# Perdido Pass (AL)



## BrakeTurnAccelerate (Jul 1, 2012)

Does anyone know how far South(west) you are allowed to go on the seawall at Perdidio pass, if you're fishing off of the seawall? Is it just the parking lot area like I think it is?


----------



## ride135pcolaboy (Oct 2, 2009)

No, you can walk all the way down the sea wall to the west jetties, it might be awhile, the are evac. GS @ 8am monday, mike


----------



## BrakeTurnAccelerate (Jul 1, 2012)

Thanks.
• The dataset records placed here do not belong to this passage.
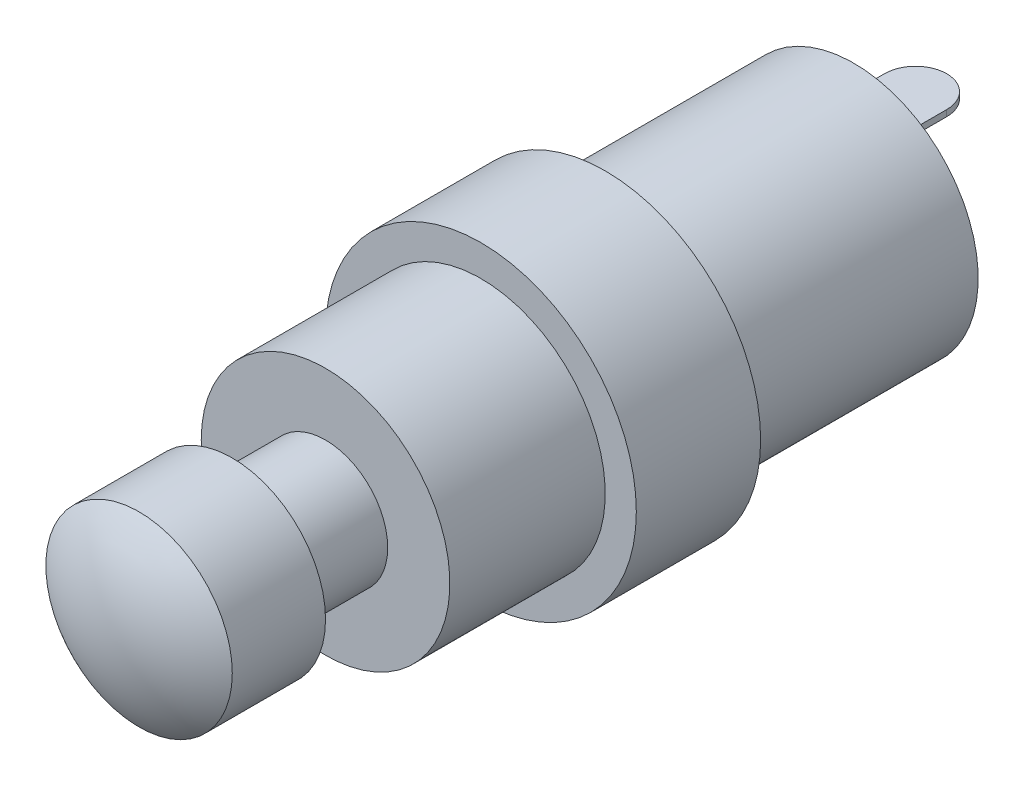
ISO-10303-21;
HEADER;
FILE_DESCRIPTION(('STEP AP214'),'2;1');
FILE_NAME('part.step','',(''),(''),'','','');
FILE_SCHEMA(('AUTOMOTIVE_DESIGN { 1 0 10303 214 1 1 1 1 }'));
ENDSEC;
DATA;
#1=APPLICATION_CONTEXT('core data for automotive mechanical design processes');
#2=APPLICATION_PROTOCOL_DEFINITION('international standard','automotive_design',2000,#1);
#3=PRODUCT_CONTEXT('',#1,'mechanical');
#4=PRODUCT('Part','Part','',(#3));
#5=PRODUCT_RELATED_PRODUCT_CATEGORY('part','',(#4));
#6=PRODUCT_DEFINITION_FORMATION('','',#4);
#7=PRODUCT_DEFINITION_CONTEXT('part definition',#1,'design');
#8=PRODUCT_DEFINITION('design','',#6,#7);
#9=PRODUCT_DEFINITION_SHAPE('','',#8);
#10=(LENGTH_UNIT() NAMED_UNIT(*) SI_UNIT(.MILLI.,.METRE.));
#11=(NAMED_UNIT(*) PLANE_ANGLE_UNIT() SI_UNIT($,.RADIAN.));
#12=(NAMED_UNIT(*) SI_UNIT($,.STERADIAN.) SOLID_ANGLE_UNIT());
#13=UNCERTAINTY_MEASURE_WITH_UNIT(LENGTH_MEASURE(1.E-05),#10,'distance_accuracy_value','');
#14=(GEOMETRIC_REPRESENTATION_CONTEXT(3) GLOBAL_UNCERTAINTY_ASSIGNED_CONTEXT((#13)) GLOBAL_UNIT_ASSIGNED_CONTEXT((#10,
#11,#12)) REPRESENTATION_CONTEXT('',''));
#15=CARTESIAN_POINT('',(0.,0.,0.));
#16=DIRECTION('',(0.,0.,1.));
#17=DIRECTION('',(1.,0.,0.));
#18=AXIS2_PLACEMENT_3D('',#15,#16,#17);
#19=CARTESIAN_POINT('',(0.,0.,-12.));
#20=DIRECTION('',(0.,0.,-1.));
#21=DIRECTION('',(-1.,0.,0.));
#22=AXIS2_PLACEMENT_3D('',#19,#20,#21);
#23=PLANE('',#22);
#24=CARTESIAN_POINT('',(0.,0.,-12.));
#25=DIRECTION('',(0.,0.,-1.));
#26=DIRECTION('',(-1.,0.,0.));
#27=AXIS2_PLACEMENT_3D('',#24,#25,#26);
#28=CIRCLE('',#27,5.);
#29=CARTESIAN_POINT('',(-5.,0.,-12.));
#30=VERTEX_POINT('',#29);
#31=EDGE_CURVE('E154',#30,#30,#28,.T.);
#32=ORIENTED_EDGE('',*,*,#31,.T.);
#33=EDGE_LOOP('',(#32));
#34=FACE_BOUND('',#33,.T.);
#35=CARTESIAN_POINT('',(0.,0.,-12.));
#36=DIRECTION('',(0.,0.,-1.));
#37=DIRECTION('',(-1.,0.,0.));
#38=AXIS2_PLACEMENT_3D('',#35,#36,#37);
#39=CIRCLE('',#38,4.);
#40=CARTESIAN_POINT('',(-4.,0.,-12.));
#41=VERTEX_POINT('',#40);
#42=EDGE_CURVE('E145',#41,#41,#39,.T.);
#43=ORIENTED_EDGE('',*,*,#42,.F.);
#44=EDGE_LOOP('',(#43));
#45=FACE_BOUND('',#44,.T.);
#46=ADVANCED_FACE('F26',(#34,#45),#23,.T.);
#47=CARTESIAN_POINT('',(0.,0.,0.));
#48=DIRECTION('',(0.,0.,1.));
#49=DIRECTION('',(1.,0.,0.));
#50=AXIS2_PLACEMENT_3D('',#47,#48,#49);
#51=PLANE('',#50);
#52=CARTESIAN_POINT('',(0.,0.,0.));
#53=DIRECTION('',(0.,0.,1.));
#54=DIRECTION('',(1.,0.,0.));
#55=AXIS2_PLACEMENT_3D('',#52,#53,#54);
#56=CIRCLE('',#55,3.);
#57=CARTESIAN_POINT('',(3.,0.,0.));
#58=VERTEX_POINT('',#57);
#59=EDGE_CURVE('E166',#58,#58,#56,.T.);
#60=ORIENTED_EDGE('',*,*,#59,.F.);
#61=EDGE_LOOP('',(#60));
#62=FACE_BOUND('',#61,.T.);
#63=CARTESIAN_POINT('',(0.,0.,0.));
#64=DIRECTION('',(0.,0.,1.));
#65=DIRECTION('',(1.,0.,0.));
#66=AXIS2_PLACEMENT_3D('',#63,#64,#65);
#67=CIRCLE('',#66,2.);
#68=CARTESIAN_POINT('',(2.,0.,0.));
#69=VERTEX_POINT('',#68);
#70=EDGE_CURVE('E11',#69,#69,#67,.F.);
#71=ORIENTED_EDGE('',*,*,#70,.F.);
#72=EDGE_LOOP('',(#71));
#73=FACE_BOUND('',#72,.T.);
#74=ADVANCED_FACE('F175',(#62,#73),#51,.F.);
#75=CARTESIAN_POINT('',(0.,0.,3.));
#76=DIRECTION('',(0.,0.,-1.));
#77=DIRECTION('',(-1.,0.,0.));
#78=AXIS2_PLACEMENT_3D('',#75,#76,#77);
#79=CYLINDRICAL_SURFACE('',#78,3.);
#80=CARTESIAN_POINT('',(0.,0.,3.));
#81=DIRECTION('',(0.,0.,1.));
#82=DIRECTION('',(1.,0.,0.));
#83=AXIS2_PLACEMENT_3D('',#80,#81,#82);
#84=CIRCLE('',#83,3.);
#85=CARTESIAN_POINT('',(3.,0.,3.));
#86=VERTEX_POINT('',#85);
#87=EDGE_CURVE('E34',#86,#86,#84,.T.);
#88=ORIENTED_EDGE('',*,*,#87,.F.);
#89=EDGE_LOOP('',(#88));
#90=FACE_BOUND('',#89,.T.);
#91=ORIENTED_EDGE('',*,*,#59,.T.);
#92=EDGE_LOOP('',(#91));
#93=FACE_BOUND('',#92,.T.);
#94=ADVANCED_FACE('F172',(#90,#93),#79,.T.);
#95=CARTESIAN_POINT('',(0.,0.,-0.999999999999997));
#96=DIRECTION('',(0.,0.,1.));
#97=DIRECTION('',(1.,0.,0.));
#98=AXIS2_PLACEMENT_3D('',#95,#96,#97);
#99=SPHERICAL_SURFACE('',#98,5.);
#100=ORIENTED_EDGE('',*,*,#87,.T.);
#101=EDGE_LOOP('',(#100));
#102=FACE_BOUND('',#101,.T.);
#103=ADVANCED_FACE('F28',(#102),#99,.T.);
#104=CARTESIAN_POINT('',(0.,0.,-3.));
#105=DIRECTION('',(0.,0.,1.));
#106=DIRECTION('',(1.,0.,0.));
#107=AXIS2_PLACEMENT_3D('',#104,#105,#106);
#108=CYLINDRICAL_SURFACE('',#107,2.);
#109=CARTESIAN_POINT('',(0.,0.,-3.));
#110=DIRECTION('',(0.,0.,-1.));
#111=DIRECTION('',(-1.,0.,0.));
#112=AXIS2_PLACEMENT_3D('',#109,#110,#111);
#113=CIRCLE('',#112,2.);
#114=CARTESIAN_POINT('',(-2.,0.,-3.));
#115=VERTEX_POINT('',#114);
#116=EDGE_CURVE('E163',#115,#115,#113,.T.);
#117=ORIENTED_EDGE('',*,*,#116,.F.);
#118=EDGE_LOOP('',(#117));
#119=FACE_BOUND('',#118,.T.);
#120=ORIENTED_EDGE('',*,*,#70,.T.);
#121=EDGE_LOOP('',(#120));
#122=FACE_BOUND('',#121,.T.);
#123=ADVANCED_FACE('F183',(#119,#122),#108,.T.);
#124=CARTESIAN_POINT('',(0.,0.,-3.));
#125=DIRECTION('',(0.,0.,-1.));
#126=DIRECTION('',(-1.,0.,0.));
#127=AXIS2_PLACEMENT_3D('',#124,#125,#126);
#128=PLANE('',#127);
#129=CARTESIAN_POINT('',(0.,0.,-3.));
#130=DIRECTION('',(0.,0.,-1.));
#131=DIRECTION('',(-1.,0.,0.));
#132=AXIS2_PLACEMENT_3D('',#129,#130,#131);
#133=CIRCLE('',#132,4.);
#134=CARTESIAN_POINT('',(-4.,0.,-3.));
#135=VERTEX_POINT('',#134);
#136=EDGE_CURVE('E157',#135,#135,#133,.T.);
#137=ORIENTED_EDGE('',*,*,#136,.F.);
#138=EDGE_LOOP('',(#137));
#139=FACE_BOUND('',#138,.T.);
#140=ORIENTED_EDGE('',*,*,#116,.T.);
#141=EDGE_LOOP('',(#140));
#142=FACE_BOUND('',#141,.T.);
#143=ADVANCED_FACE('F185',(#139,#142),#128,.F.);
#144=CARTESIAN_POINT('',(0.,0.,-8.));
#145=DIRECTION('',(0.,0.,1.));
#146=DIRECTION('',(1.,0.,0.));
#147=AXIS2_PLACEMENT_3D('',#144,#145,#146);
#148=CYLINDRICAL_SURFACE('',#147,4.);
#149=CARTESIAN_POINT('',(0.,0.,-8.));
#150=DIRECTION('',(0.,0.,-1.));
#151=DIRECTION('',(-1.,0.,0.));
#152=AXIS2_PLACEMENT_3D('',#149,#150,#151);
#153=CIRCLE('',#152,4.);
#154=CARTESIAN_POINT('',(-4.,0.,-8.));
#155=VERTEX_POINT('',#154);
#156=EDGE_CURVE('E160',#155,#155,#153,.T.);
#157=ORIENTED_EDGE('',*,*,#156,.F.);
#158=EDGE_LOOP('',(#157));
#159=FACE_BOUND('',#158,.T.);
#160=ORIENTED_EDGE('',*,*,#136,.T.);
#161=EDGE_LOOP('',(#160));
#162=FACE_BOUND('',#161,.T.);
#163=ADVANCED_FACE('F191',(#159,#162),#148,.T.);
#164=CARTESIAN_POINT('',(0.,0.,-8.));
#165=DIRECTION('',(0.,0.,-1.));
#166=DIRECTION('',(-1.,0.,0.));
#167=AXIS2_PLACEMENT_3D('',#164,#165,#166);
#168=PLANE('',#167);
#169=CARTESIAN_POINT('',(0.,0.,-8.));
#170=DIRECTION('',(0.,0.,-1.));
#171=DIRECTION('',(-1.,0.,0.));
#172=AXIS2_PLACEMENT_3D('',#169,#170,#171);
#173=CIRCLE('',#172,5.);
#174=CARTESIAN_POINT('',(-5.,0.,-8.));
#175=VERTEX_POINT('',#174);
#176=EDGE_CURVE('E151',#175,#175,#173,.T.);
#177=ORIENTED_EDGE('',*,*,#176,.F.);
#178=EDGE_LOOP('',(#177));
#179=FACE_BOUND('',#178,.T.);
#180=ORIENTED_EDGE('',*,*,#156,.T.);
#181=EDGE_LOOP('',(#180));
#182=FACE_BOUND('',#181,.T.);
#183=ADVANCED_FACE('F207',(#179,#182),#168,.F.);
#184=CARTESIAN_POINT('',(0.,0.,-12.));
#185=DIRECTION('',(0.,0.,1.));
#186=DIRECTION('',(1.,0.,0.));
#187=AXIS2_PLACEMENT_3D('',#184,#185,#186);
#188=CYLINDRICAL_SURFACE('',#187,5.);
#189=ORIENTED_EDGE('',*,*,#31,.F.);
#190=EDGE_LOOP('',(#189));
#191=FACE_BOUND('',#190,.T.);
#192=ORIENTED_EDGE('',*,*,#176,.T.);
#193=EDGE_LOOP('',(#192));
#194=FACE_BOUND('',#193,.T.);
#195=ADVANCED_FACE('F209',(#191,#194),#188,.T.);
#196=CARTESIAN_POINT('',(0.,0.,-20.));
#197=DIRECTION('',(0.,0.,1.));
#198=DIRECTION('',(1.,0.,0.));
#199=AXIS2_PLACEMENT_3D('',#196,#197,#198);
#200=CYLINDRICAL_SURFACE('',#199,4.);
#201=CARTESIAN_POINT('',(0.,0.,-20.));
#202=DIRECTION('',(0.,0.,-1.));
#203=DIRECTION('',(-1.,0.,0.));
#204=AXIS2_PLACEMENT_3D('',#201,#202,#203);
#205=CIRCLE('',#204,4.);
#206=CARTESIAN_POINT('',(-4.,0.,-20.));
#207=VERTEX_POINT('',#206);
#208=EDGE_CURVE('E148',#207,#207,#205,.T.);
#209=ORIENTED_EDGE('',*,*,#208,.F.);
#210=EDGE_LOOP('',(#209));
#211=FACE_BOUND('',#210,.T.);
#212=ORIENTED_EDGE('',*,*,#42,.T.);
#213=EDGE_LOOP('',(#212));
#214=FACE_BOUND('',#213,.T.);
#215=ADVANCED_FACE('F210',(#211,#214),#200,.T.);
#216=CARTESIAN_POINT('',(0.,0.,-20.));
#217=DIRECTION('',(0.,0.,-1.));
#218=DIRECTION('',(-1.,0.,0.));
#219=AXIS2_PLACEMENT_3D('',#216,#217,#218);
#220=PLANE('',#219);
#221=DIRECTION('',(1.,0.,0.));
#222=VECTOR('',#221,1.);
#223=CARTESIAN_POINT('',(-1.01336298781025,2.2,-20.));
#224=LINE('',#223,#222);
#225=CARTESIAN_POINT('',(-1.01336298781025,2.2,-20.));
#226=VERTEX_POINT('',#225);
#227=CARTESIAN_POINT('',(0.986637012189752,2.2,-20.));
#228=VERTEX_POINT('',#227);
#229=EDGE_CURVE('E110',#226,#228,#224,.T.);
#230=ORIENTED_EDGE('',*,*,#229,.F.);
#231=DIRECTION('',(0.,-1.,0.));
#232=VECTOR('',#231,1.);
#233=CARTESIAN_POINT('',(-1.01336298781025,2.2,-20.));
#234=LINE('',#233,#232);
#235=CARTESIAN_POINT('',(-1.01336298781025,2.,-20.));
#236=VERTEX_POINT('',#235);
#237=EDGE_CURVE('E103',#226,#236,#234,.T.);
#238=ORIENTED_EDGE('',*,*,#237,.T.);
#239=DIRECTION('',(1.,0.,0.));
#240=VECTOR('',#239,1.);
#241=CARTESIAN_POINT('',(-1.01336298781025,2.,-20.));
#242=LINE('',#241,#240);
#243=CARTESIAN_POINT('',(0.986637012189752,2.,-20.));
#244=VERTEX_POINT('',#243);
#245=EDGE_CURVE('E90',#236,#244,#242,.T.);
#246=ORIENTED_EDGE('',*,*,#245,.T.);
#247=DIRECTION('',(0.,-1.,0.));
#248=VECTOR('',#247,1.);
#249=CARTESIAN_POINT('',(0.986637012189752,2.2,-20.));
#250=LINE('',#249,#248);
#251=EDGE_CURVE('E112',#228,#244,#250,.T.);
#252=ORIENTED_EDGE('',*,*,#251,.F.);
#253=EDGE_LOOP('',(#230,#238,#246,#252));
#254=FACE_BOUND('',#253,.T.);
#255=DIRECTION('',(1.,0.,0.));
#256=VECTOR('',#255,1.);
#257=CARTESIAN_POINT('',(-1.01336298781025,-1.8,-20.));
#258=LINE('',#257,#256);
#259=CARTESIAN_POINT('',(-1.01336298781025,-1.8,-20.));
#260=VERTEX_POINT('',#259);
#261=CARTESIAN_POINT('',(0.986637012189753,-1.8,-20.));
#262=VERTEX_POINT('',#261);
#263=EDGE_CURVE('E128',#260,#262,#258,.T.);
#264=ORIENTED_EDGE('',*,*,#263,.F.);
#265=DIRECTION('',(0.,-1.,0.));
#266=VECTOR('',#265,1.);
#267=CARTESIAN_POINT('',(-1.01336298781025,-1.8,-20.));
#268=LINE('',#267,#266);
#269=CARTESIAN_POINT('',(-1.01336298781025,-2.,-20.));
#270=VERTEX_POINT('',#269);
#271=EDGE_CURVE('E142',#260,#270,#268,.T.);
#272=ORIENTED_EDGE('',*,*,#271,.T.);
#273=DIRECTION('',(1.,0.,0.));
#274=VECTOR('',#273,1.);
#275=CARTESIAN_POINT('',(-1.01336298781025,-2.,-20.));
#276=LINE('',#275,#274);
#277=CARTESIAN_POINT('',(0.986637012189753,-2.,-20.));
#278=VERTEX_POINT('',#277);
#279=EDGE_CURVE('E115',#270,#278,#276,.T.);
#280=ORIENTED_EDGE('',*,*,#279,.T.);
#281=DIRECTION('',(0.,-1.,0.));
#282=VECTOR('',#281,1.);
#283=CARTESIAN_POINT('',(0.986637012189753,-1.8,-20.));
#284=LINE('',#283,#282);
#285=EDGE_CURVE('E140',#262,#278,#284,.T.);
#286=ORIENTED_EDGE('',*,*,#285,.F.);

It'll be a little while, so definitely not planning to head out this week anytime. I've gotta get the Abu 6000 rehab'd. That thing is older than me by 13 years. :001_huh:


----------



## Johnms (Nov 29, 2010)

http://www.orangebeach.ws/component...12/1523-tropical-storm-isaac-live-webcam-feed

Live cam at the pass


----------



## BrakeTurnAccelerate (Jul 1, 2012)

Looks like a LOT of people are going to loose their fishing spot. One of the few free (and good) spots left.

*http://blog.al.com/live/2012/09/new_commercial_development_pla.html*


----------



## blobby23 (Apr 16, 2012)

you can walk all the way down to the jetties but dont step on the guys property right past the parking lot hes an ass!


----------